I think a lot of wantrepreneurs wouldn't "lower" themselves, to SEO, cold
calling, shilling at conferences, begging bloggers for coverage, etc
(strangely ignoring the fact that many of the companies they admire have well-
oiled sales and marketing engines).

It's like a car mechanic who opens a garage and thinks that his job should
still be working on cars all day.

------
arethuza
I think I'm going to print out "coding is procrastination" and stick it to the
top of my monitor.

The gratification with coding is short term - find a problem, think of a
feature and get stuck in and get it done. When it works you get a nice glow of
self satisfaction.

I don't know about others, but having the self-control to _not_ open the code
editor and do something else is probably the most difficult challenge I face
in getting projects out there.

------
fluxcapacitor
That's a good article, but these strategies should be thought-out BEFORE your
app is launched.
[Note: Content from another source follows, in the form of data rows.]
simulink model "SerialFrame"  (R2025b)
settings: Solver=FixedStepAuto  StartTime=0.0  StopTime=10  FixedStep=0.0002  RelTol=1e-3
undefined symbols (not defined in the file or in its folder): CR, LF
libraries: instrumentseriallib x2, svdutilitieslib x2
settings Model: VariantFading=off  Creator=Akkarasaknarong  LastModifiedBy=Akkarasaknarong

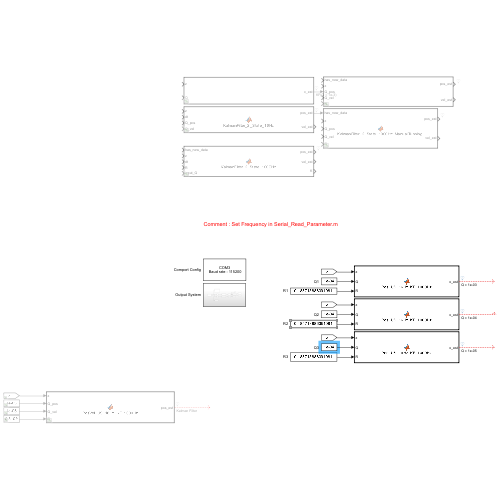
[thumbnail: Simulink's stored preview of the top-level diagram]
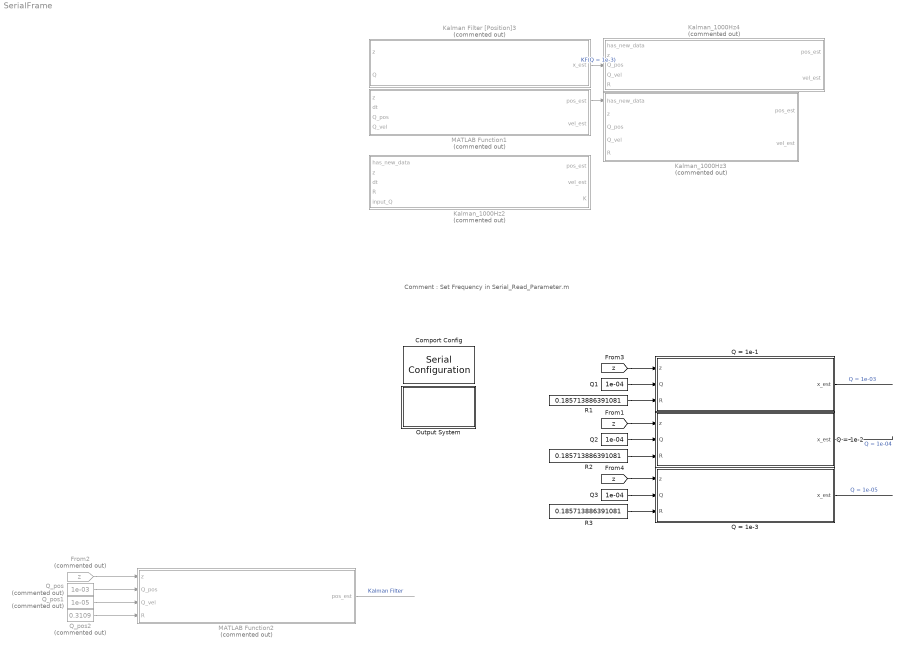
== system SerialFrame ==
  note: Comment : Set Frequency in Serial_Read_Parameter.m
  Comport Config : instrumentseriallib/Serial Configuration  Priority=-200000  PortSel=COM3  Port=COM3  ComPort=COM3  BaudRate=115200  DataBits=8  Parity=none  StopBits=1  ByteOrder=little-endian  FlowControl=none  Timeout=10  SimulateUsing=Interpreted execution  BlockInModel=on  aMode=1
      settings: LibrarySourceBlock=embeddedtargetslib/Host Communication/Serial Configuration
  From2 : From  Commented=on  GotoTag=z  TagVisibility=global
  Kalman Filter [Position]3 : MATLAB Function  Commented=on  TreatAsAtomicUnit=on
  Kalman_1000Hz2 : MATLAB Function  Commented=on  TreatAsAtomicUnit=on
  Kalman_1000Hz3 : MATLAB Function  Commented=on  TreatAsAtomicUnit=on
  Kalman_1000Hz4 : MATLAB Function  Commented=on  TreatAsAtomicUnit=on
  MATLAB Function1 : MATLAB Function  Commented=on  TreatAsAtomicUnit=on
  MATLAB Function2 : MATLAB Function  Commented=on  TreatAsAtomicUnit=on
  Output System : Subsystem
  Q = 1e-1 : MATLAB Function  TreatAsAtomicUnit=on
  Q = 1e-2 : MATLAB Function  TreatAsAtomicUnit=on
  Q = 1e-3 : MATLAB Function  TreatAsAtomicUnit=on
  Q1 : Constant  Value=1e-04
  Q2 : Constant  Value=1e-04
  Q3 : Constant  Value=1e-04
  Q_pos : Constant  Commented=on  Value=1e-03
  Q_pos1 : Constant  Commented=on  Value=1e-05
  Q_pos2 : Constant  Commented=on  Value=0.3109
  R1 : Constant  Value=0.185713886391081
  R2 : Constant  Value=0.185713886391081
  R3 : Constant  Value=0.185713886391081
  wires:
  [z] -> Q = 1e-1/1(z)
  Q = 1e-1/1(x_est) -> ?  "Q = 1e-03"
  R1/1 -> Q = 1e-1/3(R)
  Q1/1 -> Q = 1e-1/2(Q)
  MATLAB Function1/1(pos_est) -> Kalman_1000Hz3/1(has_new_data)
  Kalman Filter [Position]3/1(x_est) -> Kalman_1000Hz4/3(Q_pos)  "KF(Q = 1e-3)"
  MATLAB Function2/1(pos_est) -> ?  "Kalman Filter"
  Q_pos/1 -> MATLAB Function2/2(Q_pos)
  Q_pos1/1 -> MATLAB Function2/3(Q_vel)
  Q_pos2/1 -> MATLAB Function2/4(R)
  From2/1 -> MATLAB Function2/1(z)
  R2/1 -> Q = 1e-2/3(R)
  Q = 1e-2/1(x_est) -> ?  "Q = 1e-04"
  Q2/1 -> Q = 1e-2/2(Q)
  [z] -> Q = 1e-2/1(z)
  Q3/1 -> Q = 1e-3/2(Q)
  [z] -> Q = 1e-3/1(z)
  Q = 1e-3/1(x_est) -> ?  "Q = 1e-05"
  R3/1 -> Q = 1e-3/3(R)

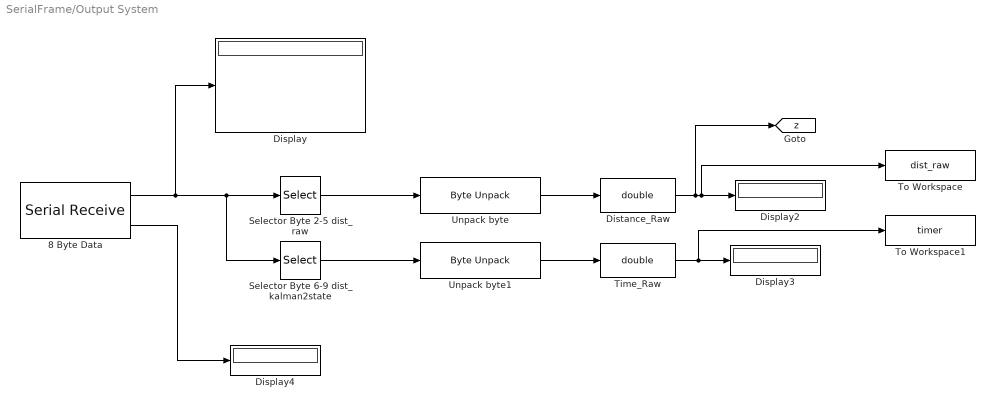
== system SerialFrame/Output System ==
  8 Byte Data : instrumentseriallib/Serial Receive  Priority=1  PortSel=COM3  Port=COM3  ComPort=COM3  DataType=uint8  SaveDataType=uint8  ToggleHeader=on  Header=[170 85]  ToggleDataSize=on  DataSize=[10 1]  ToggleTerminator=off  Terminator=CR/LF ('\r\n')  CustomTerminator=[]  InputFormat=Column major  EnableBlockingMode=off  ActionDataUnavailable=Output last received value  ActionWhenDataUnavailable=Output last received value  CustomValue=-50  SampleTime=0.001  SimulateUsing=Interpreted execution  BlockInModel=on  aMode=1  LibraryInUse=instrumentlib
      settings: LibrarySourceBlock=embeddedtargetslib/Host Communication/Serial Receive
  Display{,2..4} (4 alike) : Display
  Distance_Raw : DataTypeConversion  OutDataTypeStr=double  SaturateOnIntegerOverflow=off  RndMeth=Floor
  Selector Byte 2-5 dist_raw : Selector  InputPortWidth=10  IndexOptions=Index vector (dialog)  Indices=[2 3 4 5]  OutputSizes=1
  Selector Byte 6-9 dist_kalman2state : Selector  InputPortWidth=10  IndexOptions=Index vector (dialog)  Indices=[6 7 8 9]  OutputSizes=1
  Time_Raw : DataTypeConversion  OutDataTypeStr=double  SaturateOnIntegerOverflow=off  RndMeth=Floor
  To Workspace : ToWorkspace  VariableName=dist_raw  SaveFormat=Timeseries  SampleTime=-1
  To Workspace1 : ToWorkspace  VariableName=timer  SaveFormat=Timeseries  SampleTime=-1
  Unpack byte : svdutilitieslib/Byte Unpack  dimensions={[1]}  datatypes={'single'}  byteAlign=1  blockPlatform=arduinoert
      settings: LibrarySourceBlock=mcblib/Signal Management/Byte Unpack
  Unpack byte1 : svdutilitieslib/Byte Unpack  dimensions={[1]}  datatypes={'single'}  byteAlign=1  blockPlatform=arduinoert
      settings: LibrarySourceBlock=mcblib/Signal Management/Byte Unpack
  tag scope: z=global
  wires:
  Unpack byte/1 -> Distance_Raw/1
  8 Byte Data/1 -> Display/1, Selector Byte 6-9 dist_kalman2state/1, Selector Byte 2-5 dist_raw/1
  Selector Byte 2-5 dist_raw/1 -> Unpack byte/1
  Selector Byte 6-9 dist_kalman2state/1 -> Unpack byte1/1
  Unpack byte1/1 -> Time_Raw/1
  Distance_Raw/1 -> [z], To Workspace/1, Display2/1
  Time_Raw/1 -> To Workspace1/1, Display3/1
  8 Byte Data/2 -> Display4/1

== matlab function SerialFrame/MATLAB Function1 ==
  data: z input; pos_est output; dt input; Q_pos input; Q_vel input; vel_est output
function [pos_est,vel_est] = KalmanFilter_2_State_16Hz(z,dt,Q_pos,Q_vel)

% Define Variable
persistent x_prev p_prev ;
R = 2.92e-3;

if isempty(x_prev)
    x_prev = [0;0];
end
if isempty(p_prev)
    p_prev = eye(2);
end


% Define Matrix
F = [1 dt;
     0 1 ];
H = [1 0];
Q = [Q_pos 0;
     0     Q_vel];

% State 1: Prediction State
x_pred = F * x_prev ;
p_pred = (F*p_prev*F') + Q ;

% State 2: Correction State
K = (p_pred * H') / (H * p_pred * H' + R) ; 
error = z - H * x_pred ;
x_est = x_pred + (K * error);
p_est = (eye(2) - K*H)*p_pred ;

p_prev = p_est ;
x_prev = x_est ;

pos_est = x_est(1);
vel_est = x_est(2);

== matlab function SerialFrame/Kalman_1000Hz4 ==
  data: has_new_data input; z input; pos_est output; Q_pos input; Q_vel input; vel_est output; R input
function [pos_est,vel_est] = KalmanFilter_2_State_1000Hz_ManualTunning(has_new_data,z,Q_pos,Q_vel,R)
k = 29.839 ;
b = 0.0102;
m = 0.195 ;
g = 9.81 ;
dt = 0.001 ;

% Define Variable
persistent x_prev p_prev z_prev;
if isempty(x_prev)
    x_prev = [0;0];
end
if isempty(p_prev)
    p_prev = eye(2);
end
if isempty(z_prev)
    z_prev = 0 ;
end

% Define Matrix
% F = [0 1;
%      k/m b/m];

F = [ 1            ,  dt; 
     -(k/m)*dt     ,  1 - (b/m)*dt ];

H = [1 0];

Q = [Q_pos 0;
     0     Q_vel];

z_equilibrium = 9.06;
z = z- z_equilibrium ;

% State 1: Prediction State
x_pred = F * x_prev ;
p_pred = (F*p_prev*F') + Q ;

% State 2: Correction State
if has_new_data 
    K = (p_pred * H') / (H * p_pred * H' + R) ; 
    error = z - H * x_pred ;
    x_est = x_pred + (K * error);
    p_est = (eye(2) - K*H)*p_pred ;
else
    x_est = x_pred ;
    p_est = p_pred ;
end

p_prev = p_est ;
x_prev = x_est ;
z_prev = z ;

pos_est = x_est(1) + z_equilibrium;
vel_est = x_est(2);

== matlab function SerialFrame/Q = 1e-2 ==
  data: z input; x_est output; Q input; R input
function x_est = Pos_US_16Hz_KF_1000Hz(z,Q,R)
% State 1: Prediction state
persistent x_prev  p_prev;
if isempty(x_prev)
    x_prev = 0 ;
end
if isempty(p_prev)
    p_prev = R ; % 50% trust in model and sensor
end

x_pred = x_prev ;       % Predict x
p_pred = p_prev + Q ;   % Predict p

% State 2: Correction state
K = p_pred /(p_pred + R);  % Compute Kalman Gain (Trust model or sensor)
error = z - x_pred ;
x_est = x_pred + (K*error); % Estimate x
p_est = (1 - K)*p_pred ; % check should confident in model

x_prev = x_est;
p_prev = p_est;

== matlab function SerialFrame/Kalman Filter [Position]3 ==
  data: z input; x_est output; Q input
function x_est = KalmanFilter_1_State_16Hz(z,Q)
R = 2.92e-3 ;

% State 1: Prediction state
persistent x_prev  p_prev;
if isempty(x_prev)
    x_prev = 0 ;
end
if isempty(p_prev)
    p_prev = (0.5*R)/0.5 ; % 50% trust in model and sensor
end

x_pred = x_prev ;       % Predict x
p_pred = p_prev + Q ;   % Predict p


% State 2: Correction state
K = p_pred /(p_pred + R);  % Compute Kalman Gain (Trust model or sensor)

error = z - x_pred ;
x_est = x_pred + (K*error); % Estimate x 

p_est = (1 - K)*p_pred ; % check should confident in model

x_prev = x_est;
p_prev = p_est;

== matlab function SerialFrame/Q = 1e-3 ==
  data: z input; x_est output; Q input; R input
function x_est = Pos_US_16Hz_KF_1000Hz(z,Q,R)
% State 1: Prediction state
persistent x_prev  p_prev;
if isempty(x_prev)
    x_prev = 0 ;
end
if isempty(p_prev)
    p_prev = R ; % 50% trust in model and sensor
end

x_pred = x_prev ;       % Predict x
p_pred = p_prev + Q ;   % Predict p

% State 2: Correction state
K = p_pred /(p_pred + R);  % Compute Kalman Gain (Trust model or sensor)
error = z - x_pred ;
x_est = x_pred + (K*error); % Estimate x
p_est = (1 - K)*p_pred ; % check should confident in model

x_prev = x_est;
p_prev = p_est;

== matlab function SerialFrame/Kalman_1000Hz2 ==
  data: has_new_data input; z input; pos_est output; dt input; vel_est output; K output; R input; input_Q input
function [pos_est,vel_est,K] = KalmanFilter_2_State_1000Hz(has_new_data,z,dt,R,input_Q)

% Define Variable
persistent x_prev p_prev z_prev K_prev;
if isempty(x_prev)
    x_prev = [0;0];
end
if isempty(p_prev)
    p_prev = eye(2);
end
if isempty(z_prev)
    z_prev = 0 ;
end
if isempty(K_prev)
    K_prev = [0;0];
end


% Define Matrix
F = [1 dt;
     0 1 ];
H = [1 0];

Q = input_Q * [ (dt^4)/4 , (dt^3)/2 ; 
                   (dt^3)/2 ,   dt^2   ];

% State 1: Prediction State
x_pred = F * x_prev ;
p_pred = (F*p_prev*F') + Q ;

% State 2: Correction State
if has_new_data 
    K = (p_pred * H') / (H * p_pred * H' + R) ; 
    error = z - H * x_pred ;
    x_est = x_pred + (K * error);
    p_est = (eye(2) - K*H)*p_pred ;
    K_prev = K;
else
    x_est = x_pred ;
    p_est = p_pred ;
    K = K_prev;
end

p_prev = p_est ;
x_prev = x_est ;
z_prev = z ;

pos_est = x_est(1);
vel_est = x_est(2);

== matlab function SerialFrame/Kalman_1000Hz3 ==
  data: has_new_data input; z input; pos_est output; Q_pos input; Q_vel input; vel_est output; R input
function [pos_est,vel_est] = KalmanFilter_2_State_1000Hz_ManualTunning(has_new_data,z,Q_pos,Q_vel,R)
k = 29.839 ;
b = 0.0102;
m = 0.195 ;
g = 9.81 ;
dt = 0.001 ;

% Define Variable
persistent x_prev p_prev z_prev;
if isempty(x_prev)
    x_prev = [0;0];
end
if isempty(p_prev)
    p_prev = eye(2);
end
if isempty(z_prev)
    z_prev = 0 ;
end

% Define Matrix
% F = [0 1;
%      k/m b/m];

F = [ 1            ,  dt; 
     -(k/m)*dt     ,  1 - (b/m)*dt ];

H = [1 0];

Q = [Q_pos 0;
     0     Q_vel];

z_equilibrium = 9.06;
z = z- z_equilibrium ;

% State 1: Prediction State
x_pred = F * x_prev ;
p_pred = (F*p_prev*F') + Q ;

% State 2: Correction State
if has_new_data 
    K = (p_pred * H') / (H * p_pred * H' + R) ; 
    error = z - H * x_pred ;
    x_est = x_pred + (K * error);
    p_est = (eye(2) - K*H)*p_pred ;
else
    x_est = x_pred ;
    p_est = p_pred ;
end

p_prev = p_est ;
x_prev = x_est ;
z_prev = z ;

pos_est = x_est(1) + z_equilibrium;
vel_est = x_est(2);

== matlab function SerialFrame/MATLAB Function2 ==
  data: z input; Q_pos input; pos_est output; Q_vel input; R input
function pos_est  = PosVel_US_16Hz_KF_1000Hz(z,Q_pos,Q_vel,R)
dt = 0.001 ;

% Define Variable
persistent x_prev p_prev ;
if isempty(x_prev)
    x_prev = [0;0];
end
if isempty(p_prev)
    p_prev = eye(2);
end

% Define Matrix
F = [1 dt;
     0 1 ];
H = [1 0];
Q = [Q_pos 0;
     0     Q_vel];

% State 1: Prediction State
x_pred = F * x_prev ;
p_pred = (F*p_prev*F') + Q ;

% State 2: Correction State

K = (p_pred * H') / (H * p_pred * H' + R) ; 
error = z - H * x_pred ;
x_est = x_pred + (K * error);
p_est = (eye(2) - K*H)*p_pred ;

p_prev = p_est ;
x_prev = x_est ;
pos_est = x_est(1);

== matlab function SerialFrame/Q = 1e-1 ==
  data: z input; x_est output; Q input; R input
function x_est = Pos_US_16Hz_KF_1000Hz(z,Q,R)
% State 1: Prediction state
persistent x_prev  p_prev;
if isempty(x_prev)
    x_prev = 0 ;
end
if isempty(p_prev)
    p_prev = R ; % 50% trust in model and sensor
end

x_pred = x_prev ;       % Predict x
p_pred = p_prev + Q ;   % Predict p

% State 2: Correction state
K = p_pred /(p_pred + R);  % Compute Kalman Gain (Trust model or sensor)
error = z - x_pred ;
x_est = x_pred + (K*error); % Estimate x
p_est = (1 - K)*p_pred ; % check should confident in model

x_prev = x_est;
p_prev = p_est;

In fact, way before, like before you even start writing code.

------
destraynor
Hey guys, Thanks for the all the nice words about my post - if you enjoyed it,
you'll probably enjoy our Contrast blog (<http://www.contrast.ie/blog>)

Cheers, Des (@destraynor)

------
jonpaul
Wow, great article. I've been trying to think of how I can effectively
bootstrap my company in about six months or so. Originally, I kind of deluded
myself of by thinking I could build a SaaS app and I would start getting
customers.

It's becoming more and more clear that the only way to get more revenue is to
keep solving problems, charge for your solutions, and have patience. Easy to
forget.

------
alex1
Great article but I would have to disagree with it saying that you need a
budget for development after launch. What if the founders are hackers?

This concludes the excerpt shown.